David Rees gestures with his arms down the stairway to the main floor of the house.
So why don’t I take you downstairs and show you that.
David Rees walks down the stairs to the main floor.
We’re standing here in the kitchen of the old house now and that’s the back door right there, and you know typically years ago people use the back door as their primary entrance, you know. So the survivors would have been, injured people, would have been taken in here. So locals would have carried them in here and positioned them here in the kitchen.
David Rees is standing in kitchen of old home and gestures toward the back door.
The doctor here, Dr. Templeton, was here attending to the, attending to the injured. And my mother and grandmother was also assisting the doctor with the injured.
David Rees in the kitchen, gestures towards the kitchen table and wood stove.
One of the things that she, and they, did which is interesting at that time in 1942, she tells us that instant coffee had just come out. So what they were doing was making coffee for the 40 injured,
using the first jar of instant coffee they had ever purchased.

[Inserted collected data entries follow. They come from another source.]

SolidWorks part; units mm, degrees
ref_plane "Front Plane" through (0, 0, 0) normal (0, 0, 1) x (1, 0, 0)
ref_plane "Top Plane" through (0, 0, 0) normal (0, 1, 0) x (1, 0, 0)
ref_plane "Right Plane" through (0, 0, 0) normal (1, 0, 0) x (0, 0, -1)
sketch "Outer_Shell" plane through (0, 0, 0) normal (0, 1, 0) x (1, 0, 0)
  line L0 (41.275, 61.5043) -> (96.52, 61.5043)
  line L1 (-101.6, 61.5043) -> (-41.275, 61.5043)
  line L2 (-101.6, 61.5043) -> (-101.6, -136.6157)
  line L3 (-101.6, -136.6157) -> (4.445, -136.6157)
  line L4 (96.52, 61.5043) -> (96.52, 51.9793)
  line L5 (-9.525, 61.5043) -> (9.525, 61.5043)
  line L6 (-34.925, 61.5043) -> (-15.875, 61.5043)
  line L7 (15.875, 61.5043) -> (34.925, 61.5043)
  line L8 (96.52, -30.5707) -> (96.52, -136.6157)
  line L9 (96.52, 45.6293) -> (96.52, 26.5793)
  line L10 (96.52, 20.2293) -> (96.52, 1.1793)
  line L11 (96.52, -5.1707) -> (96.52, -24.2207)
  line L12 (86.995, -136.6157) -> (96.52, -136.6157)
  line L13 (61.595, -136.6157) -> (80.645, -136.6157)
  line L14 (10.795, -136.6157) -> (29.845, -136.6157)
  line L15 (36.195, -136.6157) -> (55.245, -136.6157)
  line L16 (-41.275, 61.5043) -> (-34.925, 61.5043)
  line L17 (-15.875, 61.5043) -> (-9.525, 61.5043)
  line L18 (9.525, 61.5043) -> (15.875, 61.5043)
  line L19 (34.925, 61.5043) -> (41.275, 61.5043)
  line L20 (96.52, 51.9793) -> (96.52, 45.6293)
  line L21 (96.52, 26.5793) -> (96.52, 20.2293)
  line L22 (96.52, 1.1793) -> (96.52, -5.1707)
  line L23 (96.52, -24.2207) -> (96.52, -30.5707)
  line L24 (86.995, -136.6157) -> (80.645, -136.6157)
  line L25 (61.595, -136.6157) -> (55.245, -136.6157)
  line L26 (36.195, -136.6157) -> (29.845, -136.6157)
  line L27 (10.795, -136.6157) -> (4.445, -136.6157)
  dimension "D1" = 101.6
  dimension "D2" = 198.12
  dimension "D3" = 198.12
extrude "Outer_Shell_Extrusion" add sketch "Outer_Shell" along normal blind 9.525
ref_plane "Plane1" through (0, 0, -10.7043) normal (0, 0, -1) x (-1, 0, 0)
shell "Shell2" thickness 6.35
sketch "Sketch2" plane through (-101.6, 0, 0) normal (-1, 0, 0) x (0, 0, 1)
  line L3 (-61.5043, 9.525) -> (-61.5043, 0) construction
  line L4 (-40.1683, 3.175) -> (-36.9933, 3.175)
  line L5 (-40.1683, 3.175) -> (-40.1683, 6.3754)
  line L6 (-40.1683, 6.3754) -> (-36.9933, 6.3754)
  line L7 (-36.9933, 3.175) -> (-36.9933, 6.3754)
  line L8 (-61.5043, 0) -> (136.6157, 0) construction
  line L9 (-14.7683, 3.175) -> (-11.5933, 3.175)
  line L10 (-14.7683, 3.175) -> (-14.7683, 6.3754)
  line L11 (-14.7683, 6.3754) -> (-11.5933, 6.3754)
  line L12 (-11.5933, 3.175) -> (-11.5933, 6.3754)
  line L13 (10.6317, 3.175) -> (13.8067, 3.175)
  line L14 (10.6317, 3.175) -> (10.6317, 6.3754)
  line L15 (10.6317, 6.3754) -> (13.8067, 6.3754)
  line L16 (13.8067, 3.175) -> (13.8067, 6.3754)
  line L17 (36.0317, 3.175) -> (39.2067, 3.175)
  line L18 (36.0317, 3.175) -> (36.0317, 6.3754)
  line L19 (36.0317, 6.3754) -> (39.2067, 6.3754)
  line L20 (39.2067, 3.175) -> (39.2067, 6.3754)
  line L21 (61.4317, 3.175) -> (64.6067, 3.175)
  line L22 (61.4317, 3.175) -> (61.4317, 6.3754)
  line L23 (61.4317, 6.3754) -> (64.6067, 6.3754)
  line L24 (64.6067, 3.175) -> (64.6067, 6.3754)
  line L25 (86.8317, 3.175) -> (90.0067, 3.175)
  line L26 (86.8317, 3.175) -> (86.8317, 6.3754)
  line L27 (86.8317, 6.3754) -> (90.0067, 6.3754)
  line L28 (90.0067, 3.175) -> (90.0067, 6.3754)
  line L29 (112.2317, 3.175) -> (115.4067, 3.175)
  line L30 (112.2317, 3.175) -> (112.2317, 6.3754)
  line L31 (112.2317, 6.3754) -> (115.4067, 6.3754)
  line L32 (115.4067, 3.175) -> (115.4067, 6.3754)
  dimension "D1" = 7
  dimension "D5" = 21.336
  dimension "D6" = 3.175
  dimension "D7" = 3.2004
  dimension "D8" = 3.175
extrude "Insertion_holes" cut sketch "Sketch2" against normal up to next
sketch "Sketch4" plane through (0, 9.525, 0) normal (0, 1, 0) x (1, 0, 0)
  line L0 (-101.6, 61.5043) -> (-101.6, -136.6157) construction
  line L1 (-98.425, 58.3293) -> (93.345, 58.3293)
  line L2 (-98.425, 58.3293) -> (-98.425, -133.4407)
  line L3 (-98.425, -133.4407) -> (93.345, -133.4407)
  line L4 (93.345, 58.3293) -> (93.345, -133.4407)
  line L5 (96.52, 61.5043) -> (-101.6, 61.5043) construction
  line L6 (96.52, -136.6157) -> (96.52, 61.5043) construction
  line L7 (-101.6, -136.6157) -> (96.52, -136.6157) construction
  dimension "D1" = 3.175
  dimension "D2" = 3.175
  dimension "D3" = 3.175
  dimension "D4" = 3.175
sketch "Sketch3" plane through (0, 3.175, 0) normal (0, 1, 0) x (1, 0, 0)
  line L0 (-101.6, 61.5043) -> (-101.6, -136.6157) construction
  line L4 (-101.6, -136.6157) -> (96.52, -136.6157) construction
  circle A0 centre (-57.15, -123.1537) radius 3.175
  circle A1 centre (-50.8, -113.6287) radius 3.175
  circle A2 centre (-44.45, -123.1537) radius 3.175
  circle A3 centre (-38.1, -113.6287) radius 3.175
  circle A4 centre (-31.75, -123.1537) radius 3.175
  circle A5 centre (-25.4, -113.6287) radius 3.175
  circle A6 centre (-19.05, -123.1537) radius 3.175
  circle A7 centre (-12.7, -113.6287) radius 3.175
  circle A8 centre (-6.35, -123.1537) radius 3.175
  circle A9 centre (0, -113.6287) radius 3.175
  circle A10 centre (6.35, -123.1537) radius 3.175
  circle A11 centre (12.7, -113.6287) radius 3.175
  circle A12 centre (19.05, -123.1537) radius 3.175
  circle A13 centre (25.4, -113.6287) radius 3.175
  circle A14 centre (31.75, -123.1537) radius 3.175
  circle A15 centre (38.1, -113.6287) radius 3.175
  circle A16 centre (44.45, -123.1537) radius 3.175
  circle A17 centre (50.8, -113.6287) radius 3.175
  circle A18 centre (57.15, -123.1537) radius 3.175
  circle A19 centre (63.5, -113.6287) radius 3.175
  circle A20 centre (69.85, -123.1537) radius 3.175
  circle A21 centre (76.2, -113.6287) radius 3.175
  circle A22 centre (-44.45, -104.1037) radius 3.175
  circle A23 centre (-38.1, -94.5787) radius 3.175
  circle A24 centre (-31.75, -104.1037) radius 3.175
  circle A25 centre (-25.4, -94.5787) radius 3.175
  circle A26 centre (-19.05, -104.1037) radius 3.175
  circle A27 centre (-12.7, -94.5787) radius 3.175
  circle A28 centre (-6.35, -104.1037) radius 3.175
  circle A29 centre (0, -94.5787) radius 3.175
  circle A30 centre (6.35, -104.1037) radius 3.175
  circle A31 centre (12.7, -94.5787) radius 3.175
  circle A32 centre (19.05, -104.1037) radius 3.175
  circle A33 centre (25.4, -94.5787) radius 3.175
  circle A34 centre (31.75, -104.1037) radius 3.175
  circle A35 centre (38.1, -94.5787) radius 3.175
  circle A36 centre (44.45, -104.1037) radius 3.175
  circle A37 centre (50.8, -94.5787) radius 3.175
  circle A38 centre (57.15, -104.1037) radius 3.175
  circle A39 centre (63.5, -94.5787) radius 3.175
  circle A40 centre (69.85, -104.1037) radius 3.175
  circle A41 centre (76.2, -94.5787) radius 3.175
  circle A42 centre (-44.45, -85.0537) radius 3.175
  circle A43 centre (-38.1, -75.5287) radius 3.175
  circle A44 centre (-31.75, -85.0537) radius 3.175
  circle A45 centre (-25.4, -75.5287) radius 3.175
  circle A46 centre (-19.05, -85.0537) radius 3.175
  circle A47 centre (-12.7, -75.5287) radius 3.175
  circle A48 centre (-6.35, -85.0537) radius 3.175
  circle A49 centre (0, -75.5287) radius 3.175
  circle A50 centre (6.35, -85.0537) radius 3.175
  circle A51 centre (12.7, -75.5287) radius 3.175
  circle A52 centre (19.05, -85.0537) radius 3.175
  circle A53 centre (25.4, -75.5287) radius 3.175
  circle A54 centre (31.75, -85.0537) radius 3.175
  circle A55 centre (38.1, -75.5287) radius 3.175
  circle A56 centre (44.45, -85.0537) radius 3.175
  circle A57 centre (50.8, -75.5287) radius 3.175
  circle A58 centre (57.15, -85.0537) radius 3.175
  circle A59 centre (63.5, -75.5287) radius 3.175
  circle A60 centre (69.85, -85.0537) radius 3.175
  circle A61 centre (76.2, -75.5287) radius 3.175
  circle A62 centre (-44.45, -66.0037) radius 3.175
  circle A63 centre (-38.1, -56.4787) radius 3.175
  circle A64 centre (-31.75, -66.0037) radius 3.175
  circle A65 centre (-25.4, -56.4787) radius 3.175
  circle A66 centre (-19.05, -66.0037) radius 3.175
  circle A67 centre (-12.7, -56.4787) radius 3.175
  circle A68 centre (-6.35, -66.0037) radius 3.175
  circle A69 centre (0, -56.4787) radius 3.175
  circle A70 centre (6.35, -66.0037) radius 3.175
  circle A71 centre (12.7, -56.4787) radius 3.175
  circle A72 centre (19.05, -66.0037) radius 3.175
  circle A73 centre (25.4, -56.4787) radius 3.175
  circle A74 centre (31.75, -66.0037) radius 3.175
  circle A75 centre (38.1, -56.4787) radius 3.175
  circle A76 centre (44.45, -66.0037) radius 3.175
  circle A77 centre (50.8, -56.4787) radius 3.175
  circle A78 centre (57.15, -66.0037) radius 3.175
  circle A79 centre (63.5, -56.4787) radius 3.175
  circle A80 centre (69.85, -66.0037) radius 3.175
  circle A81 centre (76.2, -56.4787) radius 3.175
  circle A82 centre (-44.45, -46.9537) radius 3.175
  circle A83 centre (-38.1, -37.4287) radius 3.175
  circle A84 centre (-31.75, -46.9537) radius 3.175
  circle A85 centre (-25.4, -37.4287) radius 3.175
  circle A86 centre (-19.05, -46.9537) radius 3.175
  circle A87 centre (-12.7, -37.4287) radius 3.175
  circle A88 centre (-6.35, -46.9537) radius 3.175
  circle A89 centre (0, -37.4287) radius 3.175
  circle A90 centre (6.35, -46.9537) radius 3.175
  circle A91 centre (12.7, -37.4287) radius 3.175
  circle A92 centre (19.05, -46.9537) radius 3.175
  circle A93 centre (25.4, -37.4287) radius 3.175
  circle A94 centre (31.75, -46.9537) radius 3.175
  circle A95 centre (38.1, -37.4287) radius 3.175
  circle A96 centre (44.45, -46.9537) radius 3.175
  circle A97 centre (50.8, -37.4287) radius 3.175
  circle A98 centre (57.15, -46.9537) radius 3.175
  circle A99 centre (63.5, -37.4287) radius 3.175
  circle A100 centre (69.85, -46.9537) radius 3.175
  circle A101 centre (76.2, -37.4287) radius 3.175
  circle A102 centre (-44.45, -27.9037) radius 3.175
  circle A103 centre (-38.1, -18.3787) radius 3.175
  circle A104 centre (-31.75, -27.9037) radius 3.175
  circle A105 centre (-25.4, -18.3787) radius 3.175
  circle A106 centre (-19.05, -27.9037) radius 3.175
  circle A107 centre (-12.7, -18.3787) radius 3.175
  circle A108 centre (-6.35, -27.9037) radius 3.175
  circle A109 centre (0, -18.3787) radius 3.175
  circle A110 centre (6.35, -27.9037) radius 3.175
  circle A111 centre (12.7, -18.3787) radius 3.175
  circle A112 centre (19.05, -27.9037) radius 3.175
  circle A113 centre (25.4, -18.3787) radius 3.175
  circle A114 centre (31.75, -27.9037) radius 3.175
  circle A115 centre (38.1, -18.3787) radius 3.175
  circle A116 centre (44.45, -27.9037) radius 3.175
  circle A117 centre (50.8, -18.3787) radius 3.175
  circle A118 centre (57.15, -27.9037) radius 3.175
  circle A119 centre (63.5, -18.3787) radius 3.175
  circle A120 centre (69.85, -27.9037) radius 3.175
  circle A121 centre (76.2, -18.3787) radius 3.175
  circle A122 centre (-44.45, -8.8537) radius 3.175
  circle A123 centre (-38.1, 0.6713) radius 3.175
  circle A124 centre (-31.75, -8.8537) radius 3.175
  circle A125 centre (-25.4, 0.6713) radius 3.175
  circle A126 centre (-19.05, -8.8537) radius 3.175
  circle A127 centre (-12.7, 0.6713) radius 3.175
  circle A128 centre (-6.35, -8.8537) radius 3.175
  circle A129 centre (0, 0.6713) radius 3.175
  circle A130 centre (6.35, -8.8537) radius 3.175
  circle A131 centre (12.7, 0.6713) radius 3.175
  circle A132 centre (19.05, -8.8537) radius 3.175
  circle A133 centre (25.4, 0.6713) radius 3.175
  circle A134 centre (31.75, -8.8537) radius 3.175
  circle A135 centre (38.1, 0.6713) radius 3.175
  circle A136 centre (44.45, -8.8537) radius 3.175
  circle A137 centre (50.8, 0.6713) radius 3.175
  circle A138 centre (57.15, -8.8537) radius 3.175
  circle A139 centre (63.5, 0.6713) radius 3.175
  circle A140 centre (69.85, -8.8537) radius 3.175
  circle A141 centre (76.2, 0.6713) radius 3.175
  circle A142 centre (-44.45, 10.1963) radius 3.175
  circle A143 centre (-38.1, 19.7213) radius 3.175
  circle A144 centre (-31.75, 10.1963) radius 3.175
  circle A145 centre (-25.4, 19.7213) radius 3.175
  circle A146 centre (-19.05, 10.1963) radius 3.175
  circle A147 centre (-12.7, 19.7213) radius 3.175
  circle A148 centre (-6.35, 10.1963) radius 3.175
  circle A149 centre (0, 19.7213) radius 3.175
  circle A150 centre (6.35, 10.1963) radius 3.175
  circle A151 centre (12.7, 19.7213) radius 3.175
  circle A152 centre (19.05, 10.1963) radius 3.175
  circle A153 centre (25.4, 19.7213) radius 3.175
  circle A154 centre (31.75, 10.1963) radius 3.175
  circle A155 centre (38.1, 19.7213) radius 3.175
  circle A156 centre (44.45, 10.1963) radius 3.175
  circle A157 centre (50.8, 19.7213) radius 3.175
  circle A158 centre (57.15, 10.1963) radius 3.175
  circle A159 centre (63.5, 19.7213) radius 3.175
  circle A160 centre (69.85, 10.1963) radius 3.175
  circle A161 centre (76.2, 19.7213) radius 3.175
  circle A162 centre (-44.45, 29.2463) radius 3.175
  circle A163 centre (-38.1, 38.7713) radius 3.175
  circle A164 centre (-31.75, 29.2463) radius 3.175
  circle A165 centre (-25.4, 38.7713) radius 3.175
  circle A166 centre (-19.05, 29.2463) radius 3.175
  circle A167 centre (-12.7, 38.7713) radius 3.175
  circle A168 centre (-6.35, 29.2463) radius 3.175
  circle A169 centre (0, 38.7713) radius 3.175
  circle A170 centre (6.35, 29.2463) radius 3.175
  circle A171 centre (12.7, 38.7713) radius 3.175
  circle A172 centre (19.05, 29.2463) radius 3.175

David Rees standing in the kitchen.
So anyway what she tells as well, she said as the doctor was attending to different individuals with different amounts of injury. She remembers one man underneath this table here with his arms wrapped around the leg of the table, and every now and then, she said, he would scream very loud. So she asked the doctor why did the man scream, you know, like that. And he said he’s in shock. He thinks he’s holding on to, he thinks he’s holding on to something that’s keeping him afloat. And uh, so he had a broken leg as well. It was there.
David Rees gestures with his arms under the kitchen table.
So during this time that the people were, the survivors were, being brought in here, some of them didn’t make it. And so the doctor, although he tried to revive them, they just didn’t make it. So what they did was take the people who died and they set up the room or just used the room in here, I’ll take you in a minute, as a morgue. So my mother remembers like having to get things from that room and having to step over these bodies in the room. I think at one point she said there were nine bodies in the room laid out on the floor. And uh, so eventually, of course, there are people coming along to take all the corpses away, you know.
David Rees standing in the kitchen, gestures towards another room in the house.
Uh, so why don’t I take you in now from the kitchen over to the, to where they put those bodies.
So we’re walking down the corridor here. Although this is the main entrance there but most of the activity took place in the back entrance.
David Rees walks from the kitchen, down a hall, past the front door, into the living room.
So this is a small room here, but my parents (Stewart and Marjorie) when they got married … uh, my grandparents set up a little kitchen here so that they’d have their own place to cook and her own privacy. So this was like mother’s, I’ll say, kitchen sitting-room combination here.
David Rees standing in the living room.
And uh, so this is where they had the bodies laid out, she explains, laid out along the floor here, along here. And uh, so she would have to come in to get something she needed for the … That’s how she said she had to step over bodies to do so.
David Rees in the living room, gestures towards the floor to show where the dead bodies were laid out.
One interesting little side story here that happened when the PLM was sunk, the radio operator on the PLM had his arm broken, couldn’t swim. But he owned a dog and the dog towed the radio operator to shore. In doing so they had to swim through, of course, hot burning oil that was, that happened as a result of the explosion. And the dog burnt the hair off his back. So anyway in the process of looking after everybody here, Um, my grandmother went out and noticed the dog outside with the scald, the burnt back. So she took some ointment and she applied it to the burn on the dog’s back So the dog adopted my grandmother, and uh … So when everything settled down, the dog was left here with my grandmother. She called him PLM, after the ship. And so PLM stayed around for a short period of time with my grandmother. The problem she ran into, was uh … the dog would, there’s a gate to the property here, the dog would let people in through the gate no problem, but when they wanted to leave, the dog got angry with them for some reason or other we don’t understand. So (my mother) my grandmother was fearful that the dog might you know, bite somebody. So she gave the dog away to I believe, a local businessman here. And he had it for a while and then he, I think, gave it to a … gave it to one of the policemen on the island. So the dog had a … lived a full life after here on Bell Island as PLM.
David Rees sitting at the kitchen table near a sunny window.